20. The electrochemical cell of claim 19, wherein said second electrode comprises carbon or a lithium titanate.

21. The electrochemical cell of claim 20, wherein said carbon comprises graphite.

22. The electrochemical cell of claim 19, characterized by a discharge capacity of greater than 140 mAh/g maintainable over 400 cycles or more, optionally greater than 160 mAh/g maintainable over 400 cycles or more, when cycled with (~2 mAh/cm² cathode loading) cycled at 45 °C from 2.7 - 4.2 V with average C-rate > 1, when said electrochemical cell comprises a graphite anode.

23. The electrochemical cell of claim 19, characterized by a discharge capacity of greater than 140 mAh/g maintainable over 400 cycles or more, optionally greater than 200 mAh/g maintainable over 400 cycles or more, when cycled with (~2 mAh/cm² cathode loading) cycled at 45 °C from 2.7 - 4.6 V with average C-rate > 1, when said electrochemical cell comprises a graphite anode.

24. An electrochemical cell comprising: a cathode comprising an electrochemically active material of any of claims 1-9, an anode and an electrolyte, the electrolyte excluding ethylene carbonate.

25. The electrochemical cell of claim 24, wherein said anode comprises carbon or a lithium titanate.

26. The electrochemical cell of claim 25, wherein said anode comprises carbon.

27. The electrochemical cell of claim 24, wherein said electrolyte comprises a lithium salt and dimethyl carbonate alone or in combination with one or more additives.

28. The electrochemical cell of claim 27, wherein said additives are fluoroethylene carbonate (FEC), difluoroethylene carbonate (F2EC), tris(trimethylsilyl)malonate (TMSM), tris(trimethylsilyl)phosphite (TMSPi), tris(trimethylsilyl)phosphate (TMSPO4), lithium bis(oxalato)borate (LiDFOB), and the co-solvent 1, 1,2,2-tetrafluoroethyl 2,2,3,3-tetrafluoropropyl ether (TFETFPE).
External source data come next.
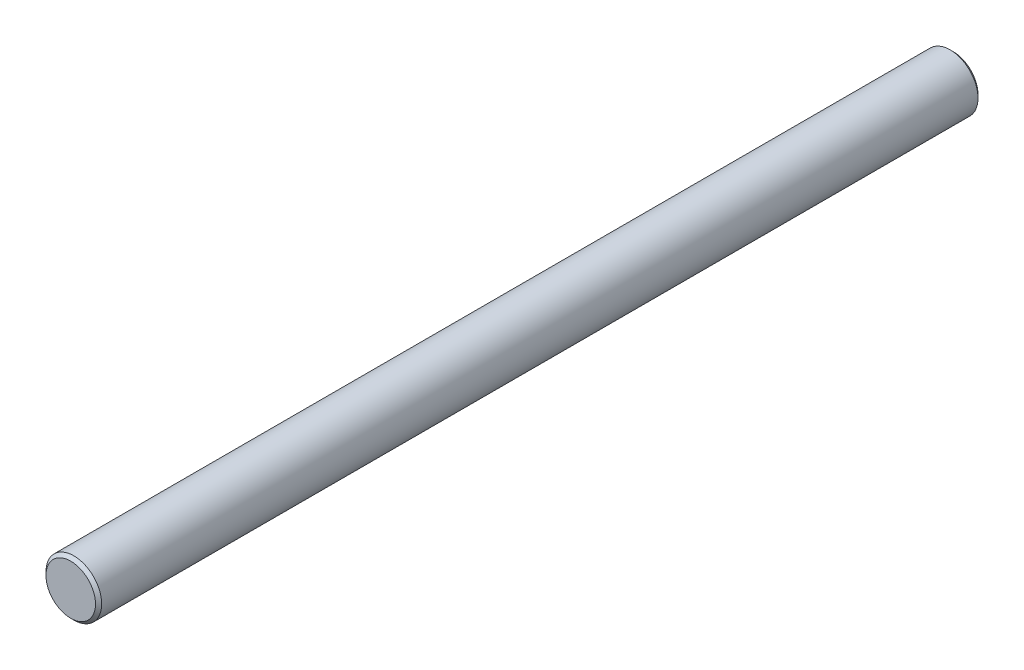
ISO-10303-21;
HEADER;
FILE_DESCRIPTION(('STEP AP214'),'2;1');
FILE_NAME('part.step','',(''),(''),'','','');
FILE_SCHEMA(('AUTOMOTIVE_DESIGN { 1 0 10303 214 1 1 1 1 }'));
ENDSEC;
DATA;
#1=APPLICATION_CONTEXT('core data for automotive mechanical design processes');
#2=APPLICATION_PROTOCOL_DEFINITION('international standard','automotive_design',2000,#1);
#3=PRODUCT_CONTEXT('',#1,'mechanical');
#4=PRODUCT('Part','Part','',(#3));
#5=PRODUCT_RELATED_PRODUCT_CATEGORY('part','',(#4));
#6=PRODUCT_DEFINITION_FORMATION('','',#4);
#7=PRODUCT_DEFINITION_CONTEXT('part definition',#1,'design');
#8=PRODUCT_DEFINITION('design','',#6,#7);
#9=PRODUCT_DEFINITION_SHAPE('','',#8);
#10=(LENGTH_UNIT() NAMED_UNIT(*) SI_UNIT(.MILLI.,.METRE.));
#11=(NAMED_UNIT(*) PLANE_ANGLE_UNIT() SI_UNIT($,.RADIAN.));
#12=(NAMED_UNIT(*) SI_UNIT($,.STERADIAN.) SOLID_ANGLE_UNIT());
#13=UNCERTAINTY_MEASURE_WITH_UNIT(LENGTH_MEASURE(1.E-05),#10,'distance_accuracy_value','');
#14=(GEOMETRIC_REPRESENTATION_CONTEXT(3) GLOBAL_UNCERTAINTY_ASSIGNED_CONTEXT((#13)) GLOBAL_UNIT_ASSIGNED_CONTEXT((#10,
#11,#12)) REPRESENTATION_CONTEXT('',''));
#15=CARTESIAN_POINT('',(0.,0.,0.));
#16=DIRECTION('',(0.,0.,1.));
#17=DIRECTION('',(1.,0.,0.));
#18=AXIS2_PLACEMENT_3D('',#15,#16,#17);
#19=CARTESIAN_POINT('',(0.,0.,72.39));
#20=DIRECTION('',(0.,0.,-1.));
#21=DIRECTION('',(-1.,0.,0.));
#22=AXIS2_PLACEMENT_3D('',#19,#20,#21);
#23=CYLINDRICAL_SURFACE('',#22,2.286);
#24=CARTESIAN_POINT('',(0.,0.,0.25399999999999));
#25=DIRECTION('',(0.,0.,1.));
#26=DIRECTION('',(1.,0.,0.));
#27=AXIS2_PLACEMENT_3D('',#24,#25,#26);
#28=CIRCLE('',#27,2.286);
#29=CARTESIAN_POINT('',(2.286,0.,0.25399999999999));
#30=VERTEX_POINT('',#29);
#31=EDGE_CURVE('E42',#30,#30,#28,.T.);
#32=ORIENTED_EDGE('',*,*,#31,.T.);
#33=EDGE_LOOP('',(#32));
#34=FACE_BOUND('',#33,.T.);
#35=CARTESIAN_POINT('',(0.,0.,72.136));
#36=DIRECTION('',(0.,0.,1.));
#37=DIRECTION('',(1.,0.,0.));
#38=AXIS2_PLACEMENT_3D('',#35,#36,#37);
#39=CIRCLE('',#38,2.286);
#40=CARTESIAN_POINT('',(2.286,0.,72.136));
#41=VERTEX_POINT('',#40);
#42=EDGE_CURVE('E46',#41,#41,#39,.F.);
#43=ORIENTED_EDGE('',*,*,#42,.T.);
#44=EDGE_LOOP('',(#43));
#45=FACE_BOUND('',#44,.T.);
#46=ADVANCED_FACE('F31',(#34,#45),#23,.T.);
#47=CARTESIAN_POINT('',(0.,0.,72.39));
#48=DIRECTION('',(0.,0.,1.));
#49=DIRECTION('',(1.,0.,0.));
#50=AXIS2_PLACEMENT_3D('',#47,#48,#49);
#51=PLANE('',#50);
#52=CARTESIAN_POINT('',(0.,0.,72.39));
#53=DIRECTION('',(0.,0.,1.));
#54=DIRECTION('',(1.,0.,0.));
#55=AXIS2_PLACEMENT_3D('',#52,#53,#54);
#56=CIRCLE('',#55,2.03199999999999);
#57=CARTESIAN_POINT('',(2.03199999999999,0.,72.39));
#58=VERTEX_POINT('',#57);
#59=EDGE_CURVE('E10',#58,#58,#56,.T.);
#60=ORIENTED_EDGE('',*,*,#59,.T.);
#61=EDGE_LOOP('',(#60));
#62=FACE_BOUND('',#61,.T.);
#63=ADVANCED_FACE('F62',(#62),#51,.T.);
#64=CARTESIAN_POINT('',(0.,0.,0.));
#65=DIRECTION('',(0.,0.,1.));
#66=DIRECTION('',(1.,0.,0.));
#67=AXIS2_PLACEMENT_3D('',#64,#65,#66);
#68=PLANE('',#67);
#69=CARTESIAN_POINT('',(0.,0.,0.));
#70=DIRECTION('',(0.,0.,1.));
#71=DIRECTION('',(1.,0.,0.));
#72=AXIS2_PLACEMENT_3D('',#69,#70,#71);
#73=CIRCLE('',#72,2.032);
#74=CARTESIAN_POINT('',(2.032,0.,0.));
#75=VERTEX_POINT('',#74);
#76=EDGE_CURVE('E38',#75,#75,#73,.F.);
#77=ORIENTED_EDGE('',*,*,#76,.T.);
#78=EDGE_LOOP('',(#77));
#79=FACE_BOUND('',#78,.T.);
#80=ADVANCED_FACE('F59',(#79),#68,.F.);
#81=CARTESIAN_POINT('',(0.,0.,0.25399999999999));
#82=DIRECTION('',(0.,0.,1.));
#83=DIRECTION('',(1.,0.,0.));
#84=AXIS2_PLACEMENT_3D('',#81,#82,#83);
#85=CONICAL_SURFACE('',#84,2.286,0.785398163397469);
#86=ORIENTED_EDGE('',*,*,#76,.F.);
#87=EDGE_LOOP('',(#86));
#88=FACE_BOUND('',#87,.T.);
#89=ORIENTED_EDGE('',*,*,#31,.F.);
#90=EDGE_LOOP('',(#89));
#91=FACE_BOUND('',#90,.T.);
#92=ADVANCED_FACE('F55',(#88,#91),#85,.T.);
#93=CARTESIAN_POINT('',(0.,0.,72.39));
#94=DIRECTION('',(0.,0.,-1.));
#95=DIRECTION('',(-1.,0.,0.));
#96=AXIS2_PLACEMENT_3D('',#93,#94,#95);
#97=CONICAL_SURFACE('',#96,2.03199999999999,0.785398163397442);
#98=ORIENTED_EDGE('',*,*,#42,.F.);
#99=EDGE_LOOP('',(#98));
#100=FACE_BOUND('',#99,.T.);
#101=ORIENTED_EDGE('',*,*,#59,.F.);
#102=EDGE_LOOP('',(#101));
#103=FACE_BOUND('',#102,.T.);
#104=ADVANCED_FACE('F33',(#100,#103),#97,.T.);
#105=CLOSED_SHELL('',(#46,#63,#80,#92,#104));
#106=MANIFOLD_SOLID_BREP('B2',#105);
#107=ADVANCED_BREP_SHAPE_REPRESENTATION('',(#18,#106),#14);
#108=SHAPE_DEFINITION_REPRESENTATION(#9,#107);
ENDSEC;
END-ISO-10303-21;

In some aspects, additives optionally include combinations of fluoroethylene carbonate, difluoroethylene carbonate, lithium difluoro(oxalato)borate, or a combination thereof.

29. An electrochemical cell comprising a cathode comprising an electrochemically active material as provided herein, an anode, and an electrolyte as described herein.

30. An electrochemically active material as provided herein.